I've removed about a dozen in the last 2 months or so, plus a possum, so I'm good for a bit :fl ....

but just had a young groundhog move in and start burrowing into the run.... guessing it's after the water :he
 
I totally understand it being an uphill battle. I'll never be able to rid my area of raccoons. The county waste transfer station (read as landfill) is 2 miles from me. Always have something wandering the yard. The bright side is I'm upwind, and the constant food source seems to keep most of them occupied. The dark side is they look like bears after being so well fed. Good luck to you on your removal project. Hopefully it goes better than mine:barnie
 
nope... you can manage it, if you stay after it, and take a significant number out... but if there is food, water, and habitat more will move in.

I've removed about a dozen in the last 2 months or so, plus a possum, so I'm good for a bit :fl ....

but just had a young groundhog move in and start burrowing into the run.... guessing it's after the water :he

Groundhogs just LOVE chicken feed. Just ask @bruceha2000 . He'll tell you how much fun he's been having with groundhogs.
 
Right, but not completely. ...and my post was mostly tongue in cheek and kidding @techbsmith.

Right! My early 'nope', was meant to be in agreement with your thought that you can't ever completely remove them.
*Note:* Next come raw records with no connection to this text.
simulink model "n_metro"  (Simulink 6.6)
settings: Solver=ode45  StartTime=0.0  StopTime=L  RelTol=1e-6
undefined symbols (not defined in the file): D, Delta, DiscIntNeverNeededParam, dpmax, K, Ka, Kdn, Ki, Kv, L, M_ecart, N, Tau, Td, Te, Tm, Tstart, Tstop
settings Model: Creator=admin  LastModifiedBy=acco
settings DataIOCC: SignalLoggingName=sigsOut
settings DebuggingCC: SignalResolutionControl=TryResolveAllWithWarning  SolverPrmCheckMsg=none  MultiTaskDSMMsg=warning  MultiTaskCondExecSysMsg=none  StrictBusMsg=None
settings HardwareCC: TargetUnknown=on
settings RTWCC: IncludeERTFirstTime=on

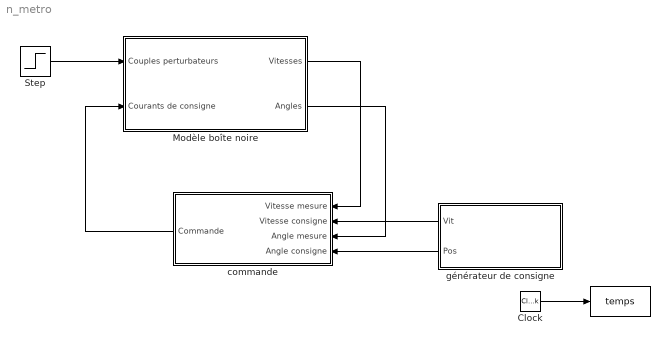
== system n_metro ==
  " " : ToWorkspace  VariableName=temps  SampleTime=-1  SaveFormat=Array
  Clock : DigitalClock  SampleTime=Te
  Modèle boîte noire : Subsystem
  Step : Step  Time=L*0.1  Before=zeros(N,1)  After=-ones(N,1)*0  SampleTime=Te
  commande : Subsystem  Orientation=left  TreatAsAtomicUnit=on
      settings: RTWSystemCode=Function  RTWFcnNameOpts=Use subsystem name  RTWFileNameOpts=Use subsystem name
  générateur de consigne : Subsystem  Orientation=left
  wires:
  Step/1 -> Modèle boîte noire/1(Couples perturbateurs)
  Modèle boîte noire/2(Angles) -> commande/3(Angle mesure)
  Clock/1 -> " "/1
  commande/1(Commande) -> Modèle boîte noire/2(Courants de consigne)
  Modèle boîte noire/1(Vitesses) -> commande/1(Vitesse mesure)
  générateur de consigne/2(Pos) -> commande/4(Angle consigne)
  générateur de consigne/1(Vit) -> commande/2(Vitesse consigne)

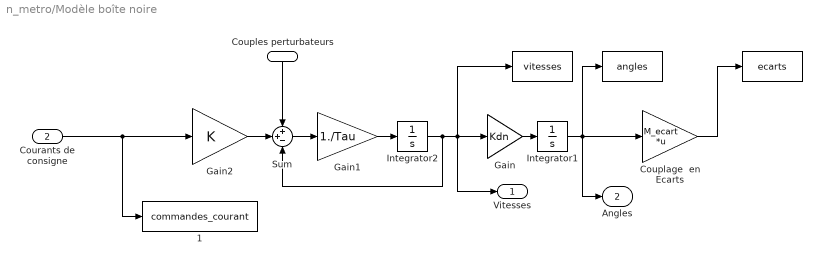
== system n_metro/Modèle boîte noire ==
  Couples perturbateurs : Inport  Orientation=down
  Courants de consigne : Inport  Port=2
  " " : ToWorkspace  VariableName=vitesses  SampleTime=Te  SaveFormat=Array
  "  " : ToWorkspace  VariableName=angles  SampleTime=Te  SaveFormat=Array
  "   " : ToWorkspace  VariableName=ecarts  SampleTime=Te  SaveFormat=Array
  "   1" : ToWorkspace  VariableName=commandes_courant  SampleTime=-1  SaveFormat=Array
  Couplage  en Ecarts : Gain  Gain=M_ecart  Multiplication=Matrix(K*u)  SaturateOnIntegerOverflow=on
  Gain : Gain  Gain=Kdn
  Gain1 : Gain  Gain=1./Tau
  Gain2 : Gain  Gain=K
  Integrator1 : Integrator  InitialCondition=[0:N-1]'*Delta
  Integrator2 : Integrator  InitialCondition=zeros(N,1)
  Sum : Sum  Inputs=++-  SaturateOnIntegerOverflow=on
  Vitesses : Outport
  Angles : Outport  Port=2
  wires:
  Couplage  en Ecarts/1 -> "   "/1
  Courants de consigne/1 -> "   1"/1, Gain2/1
  Couples perturbateurs/1 -> Sum/1
  Gain/1 -> Integrator1/1
  Sum/1 -> Gain1/1
  Integrator2/1 -> " "/1, Vitesses/1, Gain/1, Sum/3
  Integrator1/1 -> Couplage  en Ecarts/1, Angles/1, "  "/1
  Gain1/1 -> Integrator2/1
  Gain2/1 -> Sum/2

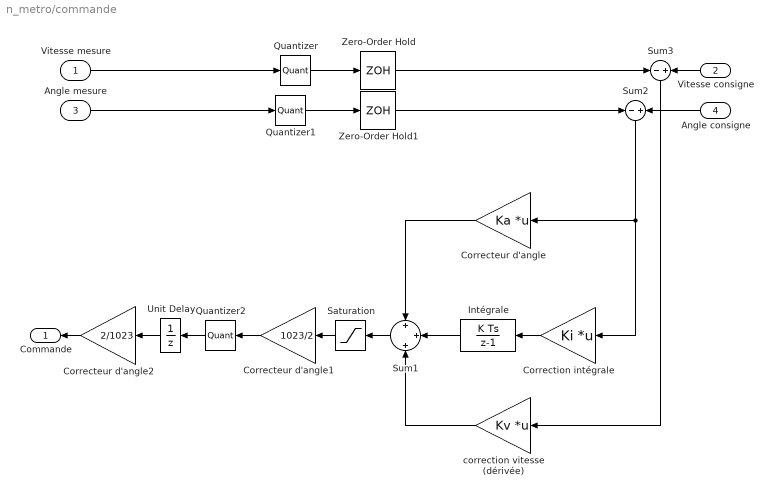
== system n_metro/commande ==
  Vitesse mesure : Inport
  Vitesse consigne : Inport  Orientation=left  Port=2
  Angle mesure : Inport  Port=3
  Angle consigne : Inport  Orientation=left  Port=4
  Correcteur d'angle : Gain  Orientation=left  Gain=Ka  Multiplication=Matrix(K*u)  SaturateOnIntegerOverflow=on
  Correcteur d'angle1 : Gain  Orientation=left  Gain=1023/2  SaturateOnIntegerOverflow=on
  Correcteur d'angle2 : Gain  Orientation=left  Gain=2/1023  SaturateOnIntegerOverflow=on
  Correction intégrale : Gain  Orientation=left  Gain=Ki  Multiplication=Matrix(K*u)  SaturateOnIntegerOverflow=on
  Intégrale : DiscreteIntegrator  Orientation=left  InitialCondition=zeros(N,1)  SampleTime=Te  LimitOutput=on  UpperSaturationLimit=1  LowerSaturationLimit=-1  ICPrevOutput=DiscIntNeverNeededParam  ICPrevScaledInput=DiscIntNeverNeededParam
  Quantizer : Quantizer  QuantizationInterval=1
  Quantizer1 : Quantizer  QuantizationInterval=1
  Quantizer2 : Quantizer  Orientation=left  QuantizationInterval=1
  Saturation : Saturate  Orientation=left  UpperLimit=1  LowerLimit=-1
  Sum1 : Sum  Orientation=left  Inputs=+|+|+  SaturateOnIntegerOverflow=on
  Sum2 : Sum  Orientation=down  Inputs=-|+  SaturateOnIntegerOverflow=on
  Sum3 : Sum  Orientation=down  Inputs=-|+  SaturateOnIntegerOverflow=on
  Unit Delay : UnitDelay  Orientation=left  SampleTime=Te
  Zero-Order Hold : ZeroOrderHold  SampleTime=Te
  Zero-Order Hold1 : ZeroOrderHold  SampleTime=Te
  correction vitesse (dérivée) : Gain  Orientation=left  Gain=Kv  Multiplication=Matrix(K*u)  SaturateOnIntegerOverflow=on
  Commande : Outport  Orientation=left
  wires:
  Sum2/1 -> Correcteur d'angle/1, Correction intégrale/1
  Correcteur d'angle/1 -> Sum1/1
  Sum3/1 -> correction vitesse (dérivée)/1
  correction vitesse (dérivée)/1 -> Sum1/3
  Correction intégrale/1 -> Intégrale/1
  Vitesse consigne/1 -> Sum3/2
  Angle consigne/1 -> Sum2/2
  Vitesse mesure/1 -> Quantizer/1
  Angle mesure/1 -> Quantizer1/1
  Sum1/1 -> Saturation/1
  Zero-Order Hold/1 -> Sum3/1
  Zero-Order Hold1/1 -> Sum2/1
  Quantizer/1 -> Zero-Order Hold/1
  Quantizer1/1 -> Zero-Order Hold1/1
  Intégrale/1 -> Sum1/2
  Saturation/1 -> Correcteur d'angle1/1
  Correcteur d'angle1/1 -> Quantizer2/1
  Quantizer2/1 -> Unit Delay/1
  Unit Delay/1 -> Correcteur d'angle2/1
  Correcteur d'angle2/1 -> Commande/1

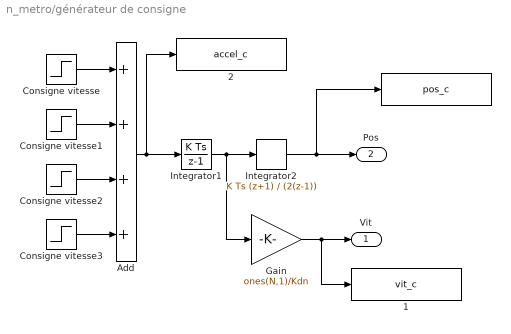
== system n_metro/générateur de consigne ==
  "  " : ToWorkspace  VariableName=pos_c  SampleTime=-1  SaveFormat=Array
  "  1" : ToWorkspace  VariableName=vit_c  SampleTime=-1  SaveFormat=Array
  "  2" : ToWorkspace  VariableName=accel_c  SampleTime=-1  SaveFormat=Array
  Add : Sum  Inputs=++++  OutScaling=2^-10
  Consigne vitesse : Step  Time=Tstart  After=dpmax/Tm  SampleTime=Te
  Consigne vitesse1 : Step  Time=Tstart+Tm  After=-dpmax/Tm  SampleTime=Te
  Consigne vitesse2 : Step  Time=Tstart+Tm+D  After=-dpmax/Td  SampleTime=Te
  Consigne vitesse3 : Step  Time=Tstop  After=dpmax/Td  SampleTime=Te
  Gain : Gain  Gain=ones(N,1)/Kdn
  Integrator1 : DiscreteIntegrator  gainval=1  SampleTime=Te  ICPrevOutput=DiscIntNeverNeededParam  ICPrevScaledInput=DiscIntNeverNeededParam
  Integrator2 : DiscreteIntegrator  IntegratorMethod=Integration: Trapezoidal  gainval=1  InitialCondition=[0:N-1]'*Delta  SampleTime=Te  ICPrevOutput=DiscIntNeverNeededParam  ICPrevScaledInput=DiscIntNeverNeededParam
  Vit : Outport
  Pos : Outport  Port=2
  wires:
  Consigne vitesse/1 -> Add/1
  Consigne vitesse1/1 -> Add/2
  Consigne vitesse2/1 -> Add/3
  Consigne vitesse3/1 -> Add/4
  Add/1 -> Integrator1/1, "  2"/1
  Integrator1/1 -> Integrator2/1, Gain/1
  Integrator2/1 -> Pos/1, "  "/1
  Gain/1 -> Vit/1, "  1"/1
simulink library "ddm"  (R2021b)
settings: Solver=VariableStepAuto  StartTime=0.0  StopTime=10.0  RelTol=1e-3
undefined symbols (not defined in the file or in its folder): ENUM_ADASACCSTA_ERROR, ENUM_ADASACCSTA_OFF, ENUM_ADASACCSTA_STANDBY, ENUM_ADASISASTA_OFF, ENUM_ALLOWMOV_ALLOWREADY, ENUM_APS, ENUM_BRKSTA_ERROR, ENUM_BRKSTA_OFF, ENUM_BRKSTA_ON, ENUM_BRKSW_INVALID, ENUM_BRKSW_OFF, ENUM_BRKSW_ON, ENUM_CHGPREACTERRSTA_OBCPRE, ENUM_DCDCFAULTSTA_ANYFAULTLV1, ENUM_DCDCFAULTSTA_ANYFAULTLV2, ENUM_DRIVETRAIN_AWD, ENUM_DRIVETRAIN_FWD, ENUM_DRIVETRAIN_RWD, ENUM_DRSEATSTA_INVALID, ENUM_EDUDRTSTA_NORMAL, ENUM_EPBSTA_APPLIED, ENUM_EPBSTA_RELEASED, ENUM_HVBATTREADYPRE_READY, ENUM_MCUWARN_LV0, ENUM_MCUWARN_LV1, ENUM_MCUWARN_LV2, ENUM_MCUWARN_LV3, ENUM_MCUWARN_NOERROR, ENUM_OBCFAULTSTA_ANYFAULT, ENUM_PAS_R2F2, ENUM_PDFAULT_BATTPDFAIL, ENUM_PDFAULT_DCDCDISABLE, ENUM_PDFAULT_MCUDISABLE, ENUM_PDFAULT_MCUDISCHRG, ENUM_POWERSTA_OFF, ENUM_POWERSTA_ON, ENUM_POWERSTA_READY, ENUM_POWERSTA_STANDBY, ENUM_PRESSINDI_LOW, ENUM_PUFAULT_BATTUPFAIL, ENUM_PUFAULT_DCDCENABLEFAIL, ENUM_PUFAULT_PRECHRGCHKFAIL, ENUM_PUFAULT_SAFETYCHKFAIL, ENUM_PUSTATE_COMPLETED, ENUM_PWRSTASW_OFF, ENUM_PWRSTASW_OFFA, ENUM_PWRSTASW_OFFCHVCHRG, ENUM_PWRSTASW_OFFCLVCHRG, ENUM_PWRSTASW_ON, ENUM_PWRSTASW_ONHVCHRG, ENUM_PWRSTASW_READY, ENUM_PWRSTASW_STANDBY, ENUM_RANGESTA_12IN, ENUM_SHIFTCOMMAND_D, ENUM_SHIFTCOMMAND_N, ENUM_SHIFTCOMMAND_P, ENUM_SHIFTCOMMAND_R, ENUM_VEHMALFUNLV_2ND, ENUM_VEHMALFUNLV_3RD, ENUM_VEHMALFUNLV_4TH ... (+835)
libraries: hcu_lib x750, $bdroot x12, simulink x5
(part 18 of 28)

== system ddm/DDM/DDM/PMM/Fault level/Fault level 1 subsystem error ==
  note: Diagnostics and Fault Handling
  note: Release Condition After Failure Decision
  note: Test Detection Criteria
  note: Test Pass Criteria
  note: Fail Safe Operation After Failure Decision
  note: Release Condition During Failure Detection
  note: Fail Safe Operation During Failure Detection
  task_time_s : Inport
  VPMM_PowerSta_enum : Inport  Port=2
  VPMM_PwrStaSW_enum : Inport  Port=3
  VDDM_C3BMS6LCCFS_flg : Inport  Port=4
  VDDM_C3CCU2LCCFS_flg : Inport  Port=5
  VDDM_MCUF1NoComCFS_flg : Inport  Port=6
  VDDM_MCUR1NoComCFS_flg : Inport  Port=7
  VINP_BMSWarn1_flg : Inport  Port=8
  VINP_BMSWarn2_flg : Inport  Port=9
  VINP_BMSWarn3_flg : Inport  Port=10
  VINP_DCDCFaultSta_enum : Inport  Port=11
  VINP_MCUWarnF_enum : Inport  Port=12
  VINP_MCUWarnR_enum : Inport  Port=13
  VINP_OBCFaultSta_enum : Inport  Port=14
  VPMM_DrivetrainSelect_enum : Inport  Port=15
  DTC_clear_request : Inport  Port=16
  No_CAN3_BUS_OFF : Inport  Port=17
  Constant : Constant  Value=KDDM_Lv1ErrDetTO_s
  Constant1 : Constant  Value=KDDM_Lv1ErrPassTO_s
  Constant{5,10,42,47} (4 alike) : Constant  Value=ENUM_MCUWARN_LV0
  Constant{6,11,43,49} (4 alike) : Constant  Value=ENUM_DRIVETRAIN_AWD
  Constant12 : Constant  Value=KDDM_Lv1ErrDTC_cnt
  Constant13 : Constant  Value=KDDM_Lv1ErrDetSW_flg
  Constant14 : Constant  Value=KDDM_Lv1ErrPassSW_flg
  Constant{15,21,25,27} (4 alike) : Constant  Value=FALSE
  Constant18 : Constant  Value=KDDM_Lv1ErrPassTO_s
  Constant2 : Constant  Value=KDDM_Lv1ErrCFSSW_flg
  Constant24 : Constant  Value=TRUE
  Constant26 : Constant  Value=ENUM_PWRSTASW_OFF
  Constant3 : Constant  Value=TRUE
  Constant36 : Constant  Value=ENUM_DCDCFAULTSTA_ANYFAULTLV1
  Constant37 : Constant  Value=ENUM_OBCFAULTSTA_ANYFAULT
  Constant38 : Constant  Value=ENUM_PWRSTASW_OFF
  Constant39 : Constant  Value=TRUE
  Constant4 : Constant  Value=ENUM_POWERSTA_OFF
  Constant40 : Constant  Value=KDDM_Lv1ErrDTC_cnt
  Constant44 : Constant  Value=ENUM_DRIVETRAIN_FWD
  Constant45 : Constant  Value=ENUM_DRIVETRAIN_RWD
  Constant50 : Constant  Value=ENUM_DCDCFAULTSTA_ANYFAULTLV1
  Constant51 : Constant  Value=ENUM_OBCFAULTSTA_ANYFAULT
  Constant7 : Constant  Value=ENUM_DRIVETRAIN_FWD
  Constant8 : Constant  Value=ENUM_DRIVETRAIN_RWD
  Constant9 : Constant  Value=KDDM_Lv1ErrDFSSW_flg
  DTC_Couter : hcu_lib/Basic_Blocks/DTC_Couter
  DTC_Info : hcu_lib/Basic_Blocks/DTC_Info
  Data Type Conversion1 : DataTypeConversion  OutDataTypeStr=uint8
  Equal : RelationalOperator  Operator=~=  OutDataTypeStr=boolean  RndMeth=Simplest
  Equal{1,4..9,14..21,25..26} (17 alike) : RelationalOperator  Operator===  OutDataTypeStr=boolean  RndMeth=Simplest
  Equal2 : RelationalOperator  Operator=~=  OutDataTypeStr=boolean  RndMeth=Simplest
  Equal3 : RelationalOperator  OutDataTypeStr=boolean  RndMeth=Simplest
  Goto24 : Goto  Commented=on  GotoTag=VDDM_EDriveSysErrVCUErr_flg
  Logical Operator{1,4..7,9..10,21,27..28} (10 alike) : Logic  Operator=NOT  AllPortsSameDT=off  OutDataTypeStr=boolean
  Logical Operator11 : Logic  Operator=OR  Inputs=7  AllPortsSameDT=off  OutDataTypeStr=boolean
  Logical Operator{12..13,15..16,18,22,24} (7 alike) : Logic  AllPortsSameDT=off  OutDataTypeStr=boolean
  Logical Operator{8,14,17,23,25,29..30} (7 alike) : Logic  Operator=OR  AllPortsSameDT=off  OutDataTypeStr=boolean
  Logical Operator19 : Logic  Inputs=3  AllPortsSameDT=off  OutDataTypeStr=boolean
  Logical Operator2 : Logic  Inputs=6  AllPortsSameDT=off  OutDataTypeStr=boolean
  Logical Operator20 : Logic  Operator=OR  Inputs=7  AllPortsSameDT=off  OutDataTypeStr=boolean
  Logical Operator26 : Logic  Inputs=6  AllPortsSameDT=off  OutDataTypeStr=boolean
  Logical Operator3 : Logic  Operator=OR  Inputs=3  AllPortsSameDT=off  OutDataTypeStr=boolean
  Relay : Relay  OnSwitchValue=ONE_INT  OffSwitchValue=ZERO_INT
  SR_Latch1 : Subsystem  mask(SR_Latch){}
      mask help: SR latch function.
  SR_Latch3 : hcu_lib/Basic_Blocks/SR_Latch
  SR_Latch4 : hcu_lib/Basic_Blocks/SR_Latch
  Switch{,2,4..6} (5 alike) : Switch  Criteria=u2 ~= 0
  Test Detection Criteria : hcu_lib/Basic_Blocks/Test Detection Criteria
  Timer1 : hcu_lib/Basic_Blocks/Timer
  VDDM_Lv1ErrDTC_raw32 : Outport
  wires:
  Logical Operator12/1 -> [VDDM_Lv1ErrDFS_flg]  "VDDM_Lv1ErrDFS_flg"
  Constant12/1 -> DTC_Couter/3
  Constant14/1 -> Logical Operator15/2
  Constant2/1 -> Logical Operator18/2
  DTC_Couter/1 -> SR_Latch4/1
  [VDDM_Lv1ErrDet_flg] -> Logical Operator19/1
  [DTC_clear_request] -> Logical Operator3/3
  Logical Operator18/1 -> [VDDM_Lv1ErrCFS_flg]  "VDDM_Lv1ErrCFS_flg"
  [DTC_clear_request] -> Logical Operator21/1
  [VDDM_Lv1ErrCFSRls_flg] -> Logical Operator29/1
  SR_Latch4/1 -> Logical Operator18/1
  [VDDM_Lv1ErrPass_flg] -> Logical Operator3/1
  DTC_Couter/2 -> Data Type Conversion1/1
  Logical Operator21/1 -> Logical Operator19/3
  Relay/1 -> SR_Latch3/1
  Data Type Conversion1/1 -> [VDDM_Lv1ErrDTC_cnt]  "VDDM_Lv1ErrDTC_cnt"
  Logical Operator15/1 -> DTC_Couter/2
  [VDDM_Lv1ErrCFSRls_flg] -> Logical Operator3/2
  Logical Operator30/1 -> SR_Latch3/2
  [VDDM_Lv1ErrCFS_flg] -> Logical Operator30/1
  Logical Operator29/1 -> SR_Latch4/2
  Logical Operator3/1 -> Logical Operator15/1
  [DTC_clear_request] -> Logical Operator29/2
  [DTC_clear_request] -> Logical Operator30/2
  [VDDM_Lv1ErrDTC_cnt] -> Relay/1
  Constant9/1 -> Logical Operator12/1
  Constant13/1 -> Logical Operator19/2
  Logical Operator19/1 -> DTC_Couter/1
  SR_Latch3/1 -> Logical Operator12/2
  [VDDM_xxx_flg] -> SR_Latch1/2(reset)
  Constant15/1 -> Switch6/1
  Switch5/1 -> Switch6/3, [VDDM_xxx_flg]
  Switch6/1 -> Test Detection Criteria/1
  [DTC_clear_request] -> Switch6/2
  [DTC_clear_request] -> DTC_Info/4
  Constant/1 -> Test Detection Criteria/4
  [VDDM_Lv1ErrDet_flg] -> DTC_Info/1
  [VDDM_Lv1ErrCFS_flg] -> DTC_Info/3
  [VDDM_Lv1ErrPass_flg] -> DTC_Info/2
  DTC_Info/1 -> VDDM_Lv1ErrDTC_raw32/1  "VDDM_Lv1ErrDTC_raw32"
  [task_time_s] -> Timer1/3
  No_CAN3_BUS_OFF/1 -> [No_CAN3_BUS_OFF]
  DTC_clear_request/1 -> [DTC_clear_request]
  Logical Operator16/1 -> Logical Operator11/5
  Logical Operator13/1 -> Logical Operator11/4
  Equal8/1 -> Logical Operator13/1
  Logical Operator17/1 -> Logical Operator16/2
  Equal7/1 -> Logical Operator17/2
  Equal6/1 -> Logical Operator16/1
  Constant10/1 -> Equal6/2
  Constant5/1 -> Equal8/2
  Equal9/1 -> Logical Operator14/2
  Equal1/1 -> Logical Operator14/1
  Logical Operator14/1 -> Logical Operator13/2
  Constant11/1 -> Equal7/2
  [VPMM_DrivetrainSelect_enum] -> Equal5/2, Equal7/1
  Constant6/1 -> Equal9/2
  Constant7/1 -> Equal1/1
  [VINP_MCUWarnF_enum] -> Equal8/1
  Constant8/1 -> Equal5/1
  [VINP_MCUWarnR_enum] -> Equal6/1
  [VPMM_DrivetrainSelect_enum] -> Equal1/2, Equal9/1
  Equal5/1 -> Logical Operator17/1
  [VPMM_PwrStaSW_enum] -> Equal/1
  [VPMM_PowerSta_enum] -> Equal4/1
  Logical Operator28/1 -> Logical Operator26/5
  Equal17/1 -> Logical Operator25/1
  [VPMM_DrivetrainSelect_enum] -> Equal26/1, Equal16/2
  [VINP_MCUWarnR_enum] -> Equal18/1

I've done some crop depredation work and have trapped farms to lower the number of "nest robbers" that impact wild fowl populations, and the numbers taken out each fall can be surprising... and then they just move in from the surrounding farms in the spring, raise young'ins in the summer.... and then next fall it's amazing again how many are there.... it just takes staying after it to keep the numbers low, but it can turn into work for sure!
 
but just had a young groundhog move in and start burrowing into the run.... guessing it's after the water :he
You want to get on that quick before it becomes 4 or 5 or 6 groundhogs.
Groundhogs just LOVE chicken feed. Just ask @bruceha2000 . He'll tell you how much fun he's been having with groundhogs.
Until this year. And the one(s) this year don't like peas, peanuts or cantaloupe (though the chickens like cantaloupe, oops) even those are "known" "can't miss". But all stock sweet feed was :drool :D
 
You want to get on that quick before it becomes 4 or 5 or 6 groundhogs.

I've been trying since Friday, thought it was going to be a slam dunk... long story, but I've been getting schooled.

The old guy down the road from me tore down his old barn a few weeks ago and displaced a bunch of varmints. I know he had pack rats (aka wood rats) and ground hogs in there, because I helped him trap a bunch of the pack rats last fall, and I'd see groundhogs run under the tack shed when I was checking traps... or feeding his horses while he was out of town.

Anyway, I ended up with at least one of the ground hogs and so far at least one pack rat (that I caught the other day) in my shed/coop.

Here is a picture of the little fella' mocking me, looking at the pile of "junk" ( aka potentially useful stuff that collects in a shed) that I stacked on it's burrow after I filled it in.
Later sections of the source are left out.